+++ WORKING DATA +++

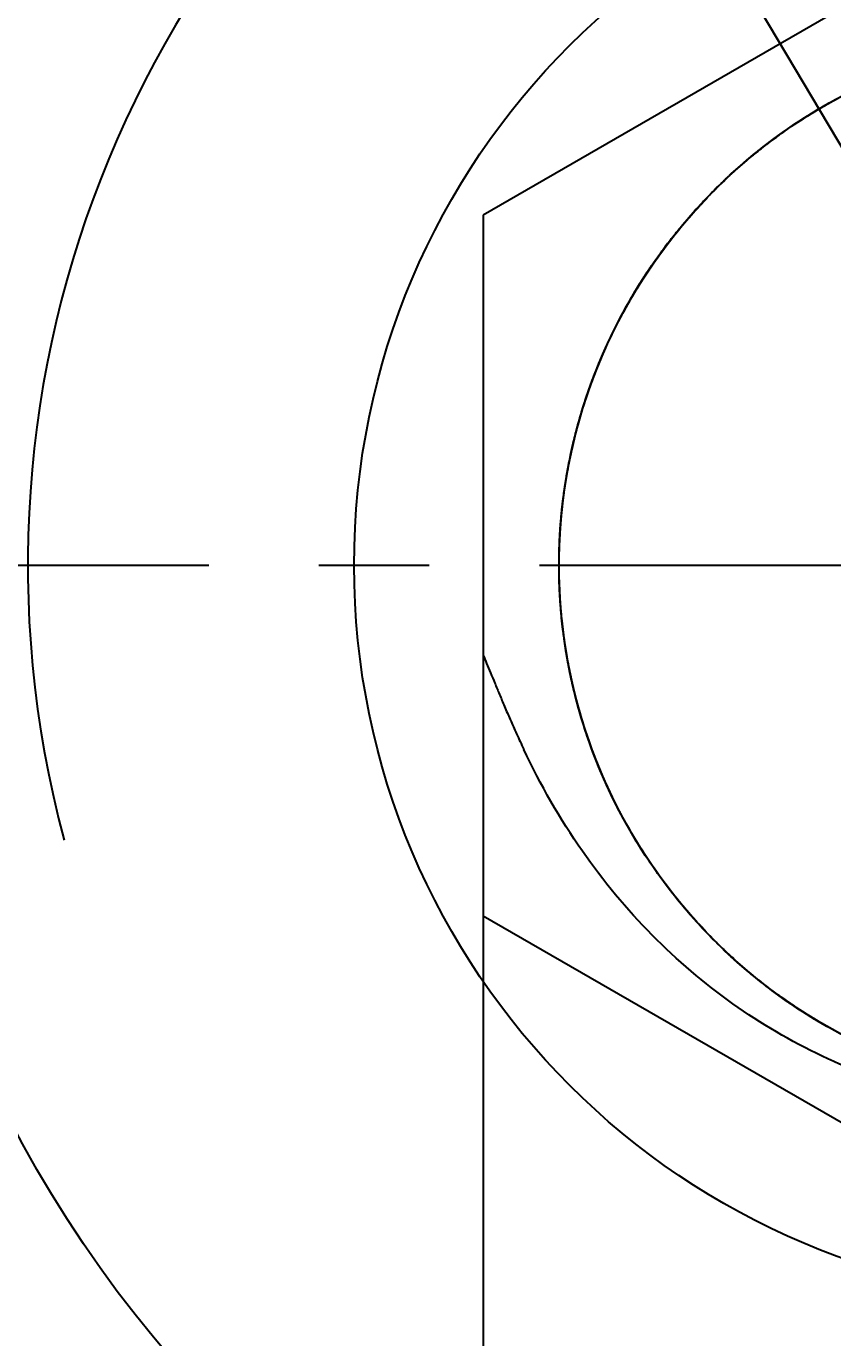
# Model space of a CAD drawing. Extents: x 0 to 210, y 0 to 297.
# Drawn here: x 41.65 to 52.28, y 159.87 to 177.16 of the extents above; entities that cross this region are included whole.
import ezdxf
from ezdxf.enums import TextEntityAlignment as Align

# ---------------------------------------------------------------- set-up
doc = ezdxf.new("R2010")
doc.units = 0
doc.header["$LTSCALE"] = 19.36
doc.linetypes.add('CENTER', pattern=[0.6, 0.375, -0.075, 0.075, -0.075])
doc.layers.get('0').update_dxf_attribs({"linetype": 'CONTINUOUS'})
doc.layers.add('DEFAULT_1', color=7, linetype='CENTER')
doc.styles.add('TEXTSTYLE_0', font='txt', dxfattribs={"width": 0.8})
doc.dimstyles.new('DIMSTYLE_2', dxfattribs={"dimtxt": 3.6, "dimasz": 0.18, "dimexe": 0.18, "dimexo": 0.0625, "dimgap": 0.09, "dimtad": 0, "dimtih": 1, "dimtoh": 1, "dimlfac": 0.5, "dimzin": 0, "dimtxsty": 'STANDARD', "dimcen": 0.09, "dimazin": 3, "dimtp": 0.2, "dimtm": 0.2, "dimtfac": 0, "dimtdec": 4, "dimtofl": 0, "dimtmove": 0, "dimatfit": 3, "dimtolj": 1, "dimtzin": 0})

# ---------------------------------------------------------------- blocks, each defined once
blk = doc.blocks.new('*D1')
at = {"color": 2, "linetype": 'CONTINUOUS'}
for p, q in [((47.673, 165.431), (47.673, 140.469)), ((63.673, 165.431), (63.673, 140.469)), ((47.673, 142.469), (55.673, 142.469)), ((63.673, 142.469), (55.673, 142.469))]:
    blk.add_line(p, q, dxfattribs=at)
for points in [[(50.673, 142.969), (47.673, 142.469), (50.673, 141.969)], [(60.673, 141.969), (63.673, 142.469), (60.673, 142.969)]]:
    blk.add_solid(points, dxfattribs=at)
at = {"color": 2, "linetype": 'CONTINUOUS', "style": 'TEXTSTYLE_0', "oblique": 12}
for s, p, p2 in [('S', (53.375, 143.389), (55.715, 143.389)), ('8', (55.715, 143.389), (58.055, 143.389))]:
    blk.add_text(s, height=3.6, dxfattribs=at).set_placement(p, p2, align=Align.FIT)
blk = doc.blocks.new('*D2')
at = {"color": 2, "linetype": 'CONTINUOUS'}
for p, q in [((43.139, 191.137), (25.609, 191.137)), ((25.609, 191.137), (40.59, 191.137)), ((55.673, 170.05), (43.139, 191.137)), ((47.498, 183.804), (55.673, 170.05)), ((63.848, 156.296), (55.673, 170.05))]:
    blk.add_line(p, q, dxfattribs=at)
for points in [[(49.46, 181.48), (47.498, 183.804), (48.601, 180.97)], [(61.885, 158.62), (63.848, 156.296), (62.745, 159.131)]]:
    blk.add_solid(points, dxfattribs=at)
at = {"color": 2, "linetype": 'CONTINUOUS', "style": 'TEXTSTYLE_0', "oblique": 12}
for s, p, p2 in [('M', (27.049, 192.057), (29.389, 192.057)), ('16', (29.389, 192.057), (34.069, 192.057)), ('x1', (34.069, 192.057), (38.749, 192.057))]:
    blk.add_text(s, height=3.6, dxfattribs=at).set_placement(p, p2, align=Align.FIT)

msp = doc.modelspace()

# ---------------------------------------------------------------- linework, layer by layer
at = {"color": 7, "linetype": 'CONTINUOUS'}
for p, q in [((55.673, 179.288), (47.673, 174.669)), ((47.673, 174.669), (47.673, 165.431)), ((47.673, 165.431), (55.673, 160.812))]:
    msp.add_line(p, q, dxfattribs=at)
for radius in [16, 9.7]:
    msp.add_circle((55.673, 170.05), radius, dxfattribs=at)
at = {"color": 2, "linetype": 'CONTINUOUS'}
msp.add_arc((55.673, 170.05), 14, 255, 195, dxfattribs=at)
at = {"color": 7, "linetype": 'CONTINUOUS'}
for points, knots in [([(48.709, 169.338), (48.701, 169.419), (48.658, 169.928), (48.682, 170.873), (48.95, 172.137), (49.445, 173.331), (50.15, 174.415), (51.041, 175.351), (52.088, 176.109), (53.257, 176.662), (54.506, 176.992), (55.796, 177.089), (57.08, 176.947), (58.318, 176.574), (59.466, 175.98), (60.487, 175.187), (61.345, 174.22), (62.011, 173.112), (62.465, 171.902), (62.689, 170.629), (62.676, 169.336), (62.427, 168.067), (61.951, 166.866), (61.263, 165.771), (60.386, 164.821), (59.351, 164.048), (58.191, 163.476), (56.947, 163.127), (55.659, 163.011), (54.372, 163.132), (53.129, 163.486), (51.972, 164.062), (50.939, 164.84), (50.066, 165.793), (49.383, 166.89), (48.988, 167.896), (48.837, 168.526), (48.797, 168.74)], [0, 0, 0, 0, 0.005688, 0.035362, 0.065035, 0.094709, 0.124383, 0.154056, 0.18373, 0.213404, 0.243077, 0.272751, 0.302425, 0.332098, 0.361772, 0.391446, 0.421119, 0.450793, 0.480467, 0.51014, 0.539814, 0.569488, 0.599161, 0.628835, 0.658509, 0.688182, 0.717856, 0.74753, 0.777203, 0.806877, 0.836551, 0.866224, 0.895898, 0.925572, 0.955246, 0.984919, 1, 1, 1, 1]), ([(59.141, 163.97), (58.914, 163.84), (58.295, 163.532), (57.227, 163.184), (55.945, 163.016), (54.654, 163.085), (53.398, 163.388), (52.218, 163.917), (51.155, 164.652), (50.244, 165.569), (49.516, 166.637), (48.996, 167.82), (48.701, 169.079), (48.641, 170.37), (48.818, 171.651), (49.226, 172.877), (49.852, 174.008), (50.673, 175.006), (51.664, 175.837), (52.79, 176.472), (54.013, 176.891), (55.291, 177.079), (56.583, 177.031), (57.844, 176.746), (59.032, 176.236), (60.107, 175.518), (61.032, 174.615), (61.776, 173.558), (62.315, 172.383), (62.629, 171.129), (62.709, 169.839), (62.552, 168.556), (62.163, 167.323), (61.555, 166.183), (60.749, 165.172), (59.97, 164.499), (59.474, 164.17), (59.332, 164.083)], [0, 0, 0, 0, 0.01789, 0.047305, 0.07672, 0.106135, 0.135551, 0.164966, 0.194381, 0.223796, 0.253212, 0.282627, 0.312042, 0.341457, 0.370873, 0.400288, 0.429703, 0.459118, 0.488534, 0.517949, 0.547364, 0.57678, 0.606195, 0.63561, 0.665025, 0.694441, 0.723856, 0.753271, 0.782686, 0.812102, 0.841517, 0.870932, 0.900347, 0.929763, 0.959178, 0.988593, 1, 1, 1, 1]), ([(58.54, 163.664), (58.507, 163.649), (58.081, 163.462), (57.227, 163.184), (55.945, 163.016), (54.654, 163.085), (53.398, 163.388), (52.218, 163.917), (51.155, 164.652), (50.244, 165.569), (49.516, 166.637), (48.996, 167.82), (48.701, 169.079), (48.641, 170.37), (48.818, 171.651), (49.226, 172.877), (49.852, 174.008), (50.673, 175.006), (51.664, 175.837), (52.79, 176.472), (54.013, 176.891), (55.291, 177.079), (56.583, 177.031), (57.844, 176.746), (59.032, 176.236), (60.107, 175.518), (61.032, 174.615), (61.776, 173.558), (62.315, 172.383), (62.629, 171.129), (62.709, 169.839), (62.552, 168.556), (62.163, 167.323), (61.555, 166.183), (60.749, 165.172), (59.97, 164.499), (59.474, 164.17), (59.332, 164.083)], [0, 0, 0, 0, 0.002518, 0.032394, 0.062269, 0.092145, 0.122021, 0.151896, 0.181772, 0.211647, 0.241523, 0.271399, 0.301274, 0.33115, 0.361026, 0.390901, 0.420777, 0.450653, 0.480528, 0.510404, 0.54028, 0.570155, 0.600031, 0.629907, 0.659782, 0.689658, 0.719534, 0.749409, 0.779285, 0.809161, 0.839036, 0.868912, 0.898788, 0.928663, 0.958539, 0.988415, 1, 1, 1, 1]), ([(58.246, 163.54), (57.912, 163.408), (57.157, 163.175), (55.945, 163.016), (54.654, 163.085), (53.398, 163.388), (52.218, 163.917), (51.155, 164.652), (50.244, 165.569), (49.516, 166.637), (48.996, 167.82), (48.701, 169.079), (48.641, 170.37), (48.818, 171.651), (49.226, 172.877), (49.852, 174.008), (50.673, 175.006), (51.664, 175.837), (52.79, 176.472), (54.013, 176.891), (55.291, 177.079), (56.583, 177.031), (57.844, 176.746), (59.032, 176.236), (60.107, 175.518), (61.032, 174.615), (61.776, 173.558), (62.315, 172.383), (62.629, 171.129), (62.709, 169.839), (62.552, 168.556), (62.163, 167.323), (61.555, 166.183), (60.749, 165.172), (59.771, 164.326), (58.883, 163.807), (58.334, 163.574), (58.178, 163.514)], [0, 0, 0, 0, 0.02445, 0.053669, 0.082887, 0.112105, 0.141324, 0.170542, 0.19976, 0.228978, 0.258197, 0.287415, 0.316633, 0.345852, 0.37507, 0.404288, 0.433506, 0.462725, 0.491943, 0.521161, 0.55038, 0.579598, 0.608816, 0.638034, 0.667253, 0.696471, 0.725689, 0.754907, 0.784126, 0.813344, 0.842562, 0.871781, 0.900999, 0.930217, 0.959435, 0.988654, 1, 1, 1, 1]), ([(48.898, 171.812), (48.926, 171.917), (49.073, 172.434), (49.445, 173.331), (50.15, 174.415), (51.041, 175.351), (52.088, 176.109), (53.257, 176.662), (54.506, 176.992), (55.796, 177.089), (57.08, 176.947), (58.318, 176.574), (59.466, 175.98), (60.487, 175.187), (61.345, 174.22), (62.011, 173.112), (62.465, 171.902), (62.689, 170.629), (62.676, 169.336), (62.427, 168.067), (61.951, 166.866), (61.263, 165.771), (60.386, 164.821), (59.351, 164.048), (58.191, 163.476), (56.947, 163.127), (55.659, 163.011), (54.372, 163.132), (53.129, 163.486), (51.972, 164.062), (50.939, 164.84), (50.066, 165.793), (49.383, 166.89), (48.911, 168.093), (48.667, 169.363), (48.661, 170.404), (48.736, 171.008), (48.765, 171.184)], [0, 0, 0, 0, 0.007512, 0.037213, 0.066913, 0.096613, 0.126314, 0.156014, 0.185714, 0.215415, 0.245115, 0.274815, 0.304515, 0.334216, 0.363916, 0.393616, 0.423317, 0.453017, 0.482717, 0.512418, 0.542118, 0.571818, 0.601519, 0.631219, 0.660919, 0.69062, 0.72032, 0.75002, 0.779721, 0.809421, 0.839121, 0.868822, 0.898522, 0.928222, 0.957923, 0.987623, 1, 1, 1, 1]), ([(48.873, 171.711), (48.907, 171.85), (49.06, 172.402), (49.445, 173.331), (50.15, 174.415), (51.041, 175.351), (52.088, 176.109), (53.257, 176.662), (54.506, 176.992), (55.796, 177.089), (57.08, 176.947), (58.318, 176.574), (59.466, 175.98), (60.487, 175.187), (61.345, 174.22), (62.011, 173.112), (62.465, 171.902), (62.689, 170.629), (62.676, 169.336), (62.427, 168.067), (61.951, 166.866), (61.263, 165.771), (60.386, 164.821), (59.351, 164.048), (58.191, 163.476), (56.947, 163.127), (55.659, 163.011), (54.372, 163.132), (53.129, 163.486), (51.972, 164.062), (50.939, 164.84), (50.066, 165.793), (49.383, 166.89), (48.911, 168.093), (48.667, 169.363), (48.66, 170.51), (48.765, 171.219), (48.824, 171.497)], [0, 0, 0, 0, 0.009835, 0.039248, 0.068661, 0.098074, 0.127487, 0.1569, 0.186314, 0.215727, 0.24514, 0.274553, 0.303966, 0.33338, 0.362793, 0.392206, 0.421619, 0.451032, 0.480446, 0.509859, 0.539272, 0.568685, 0.598098, 0.627512, 0.656925, 0.686338, 0.715751, 0.745164, 0.774578, 0.803991, 0.833404, 0.862817, 0.89223, 0.921643, 0.951057, 0.98047, 1, 1, 1, 1]), ([(48.898, 171.812), (48.926, 171.917), (49.073, 172.434), (49.445, 173.331), (50.15, 174.415), (51.041, 175.351), (52.088, 176.109), (53.257, 176.662), (54.506, 176.992), (55.796, 177.089), (57.08, 176.947), (58.318, 176.574), (59.466, 175.98), (60.487, 175.187), (61.345, 174.22), (62.011, 173.112), (62.465, 171.902), (62.689, 170.629), (62.676, 169.336), (62.427, 168.067), (61.951, 166.866), (61.263, 165.771), (60.386, 164.821), (59.351, 164.048), (58.191, 163.476), (56.947, 163.127), (55.659, 163.011), (54.372, 163.132), (53.129, 163.486), (51.972, 164.062), (50.939, 164.84), (50.066, 165.793), (49.383, 166.89), (48.911, 168.093), (48.667, 169.363), (48.659, 170.655), (48.812, 171.504), (48.926, 171.917)], [0, 0, 0, 0, 0.007384, 0.036579, 0.065773, 0.094968, 0.124163, 0.153357, 0.182552, 0.211746, 0.240941, 0.270136, 0.29933, 0.328525, 0.357719, 0.386914, 0.416108, 0.445303, 0.474498, 0.503692, 0.532887, 0.562081, 0.591276, 0.62047, 0.649665, 0.67886, 0.708054, 0.737249, 0.766443, 0.795638, 0.824833, 0.854027, 0.883222, 0.912416, 0.941611, 0.970805, 1, 1, 1, 1]), ([(61.053, 174.528), (61.25, 174.292), (61.684, 173.694), (62.214, 172.651), (62.58, 171.411), (62.712, 170.125), (62.607, 168.837), (62.268, 167.589), (61.707, 166.425), (60.942, 165.382), (60, 164.497), (58.912, 163.8), (57.714, 163.313), (56.448, 163.053), (55.156, 163.03), (53.881, 163.242), (52.666, 163.685), (51.553, 164.342), (50.579, 165.192), (49.776, 166.205), (49.172, 167.348), (48.788, 168.582), (48.636, 169.866), (48.721, 171.156), (49.04, 172.408), (49.583, 173.582), (50.332, 174.635), (51.26, 175.535), (52.337, 176.249), (53.527, 176.755), (54.789, 177.034), (56.081, 177.078), (57.359, 176.885), (58.581, 176.461), (59.704, 175.821), (60.437, 175.202), (60.797, 174.82), (60.861, 174.749)], [0, 0, 0, 0, 0.021126, 0.050588, 0.08005, 0.109512, 0.138974, 0.168435, 0.197897, 0.227359, 0.256821, 0.286283, 0.315745, 0.345207, 0.374669, 0.404131, 0.433592, 0.463054, 0.492516, 0.521978, 0.55144, 0.580902, 0.610364, 0.639826, 0.669288, 0.698749, 0.728211, 0.757673, 0.787135, 0.816597, 0.846059, 0.875521, 0.904983, 0.934445, 0.963907, 0.993368, 1, 1, 1, 1]), ([(48.673, 170.106), (48.675, 170.361), (48.718, 171.044), (48.95, 172.137), (49.445, 173.331), (50.15, 174.415), (51.041, 175.351), (52.088, 176.109), (53.257, 176.662), (54.506, 176.992), (55.796, 177.089), (57.08, 176.947), (58.318, 176.574), (59.466, 175.98), (60.487, 175.187), (61.345, 174.22), (62.011, 173.112), (62.465, 171.902), (62.689, 170.629), (62.676, 169.336), (62.427, 168.067), (61.951, 166.866), (61.263, 165.771), (60.386, 164.821), (59.351, 164.048), (58.191, 163.476), (56.947, 163.127), (55.659, 163.011), (54.372, 163.132), (53.129, 163.486), (51.972, 164.062), (50.939, 164.84), (50.066, 165.793), (49.383, 166.89), (48.911, 168.093), (48.68, 169.293), (48.664, 170.082), (48.684, 170.439)], [0, 0, 0, 0, 0.017228, 0.046275, 0.075321, 0.104368, 0.133414, 0.162461, 0.191507, 0.220554, 0.249601, 0.278647, 0.307694, 0.33674, 0.365787, 0.394833, 0.42388, 0.452927, 0.481973, 0.51102, 0.540066, 0.569113, 0.598159, 0.627206, 0.656252, 0.685299, 0.714346, 0.743392, 0.772439, 0.801485, 0.830532, 0.859578, 0.888625, 0.917672, 0.946718, 0.975765, 1, 1, 1, 1]), ([(48.673, 170.106), (48.675, 170.361), (48.718, 171.044), (48.95, 172.137), (49.445, 173.331), (50.15, 174.415), (51.041, 175.351), (52.088, 176.109), (53.257, 176.662), (54.506, 176.992), (55.796, 177.089), (57.08, 176.947), (58.318, 176.574), (59.466, 175.98), (60.487, 175.187), (61.345, 174.22), (62.011, 173.112), (62.465, 171.902), (62.689, 170.629), (62.676, 169.336), (62.427, 168.067), (61.951, 166.866), (61.263, 165.771), (60.386, 164.821), (59.351, 164.048), (58.191, 163.476), (56.947, 163.127), (55.659, 163.011), (54.372, 163.132), (53.129, 163.486), (51.972, 164.062), (50.939, 164.84), (50.066, 165.793), (49.383, 166.89), (48.911, 168.093), (48.717, 169.104), (48.68, 169.698), (48.675, 169.865)], [0, 0, 0, 0, 0.017454, 0.046883, 0.076311, 0.105739, 0.135168, 0.164596, 0.194024, 0.223452, 0.252881, 0.282309, 0.311737, 0.341166, 0.370594, 0.400022, 0.42945, 0.458879, 0.488307, 0.517735, 0.547164, 0.576592, 0.60602, 0.635449, 0.664877, 0.694305, 0.723733, 0.753162, 0.78259, 0.812018, 0.841447, 0.870875, 0.900303, 0.929731, 0.95916, 0.988588, 1, 1, 1, 1]), ([(49.858, 173.947), (50.036, 174.213), (50.277, 174.524), (50.542, 174.813), (50.592, 174.865)], [0, 0, 0, 0, 0.817114, 1, 1, 1, 1]), ([(49.858, 173.947), (49.958, 174.096), (50.126, 174.327), (50.308, 174.547), (50.377, 174.628)], [0, 0, 0, 0, 0.62722, 1, 1, 1, 1]), ([(50.107, 174.295), (50.129, 174.324), (50.172, 174.38), (50.216, 174.435), (50.238, 174.461)], [0, 0, 0, 0, 0.509683, 1, 1, 1, 1]), ([(48.926, 171.917), (48.983, 172.123), (49.083, 172.428), (49.203, 172.724), (49.245, 172.822)], [0, 0, 0, 0, 0.667285, 1, 1, 1, 1]), ([(49.088, 172.424), (49.1, 172.458), (49.124, 172.523), (49.149, 172.589), (49.162, 172.621)], [0, 0, 0, 0, 0.511386, 1, 1, 1, 1]), ([(48.699, 170.652), (48.705, 170.723), (48.719, 170.864), (48.738, 171.006), (48.749, 171.077)], [0, 0, 0, 0, 0.49642, 1, 1, 1, 1]), ([(48.709, 170.763), (48.713, 170.801), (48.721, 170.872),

+++

WHAT YOU SHOULD DO:
The answer must consist of every line from the listing above that includes the word "radius".

RESPONSE BELOW:
for radius in [16, 9.7]:
    msp.add_circle((55.673, 170.05), radius, dxfattribs=at)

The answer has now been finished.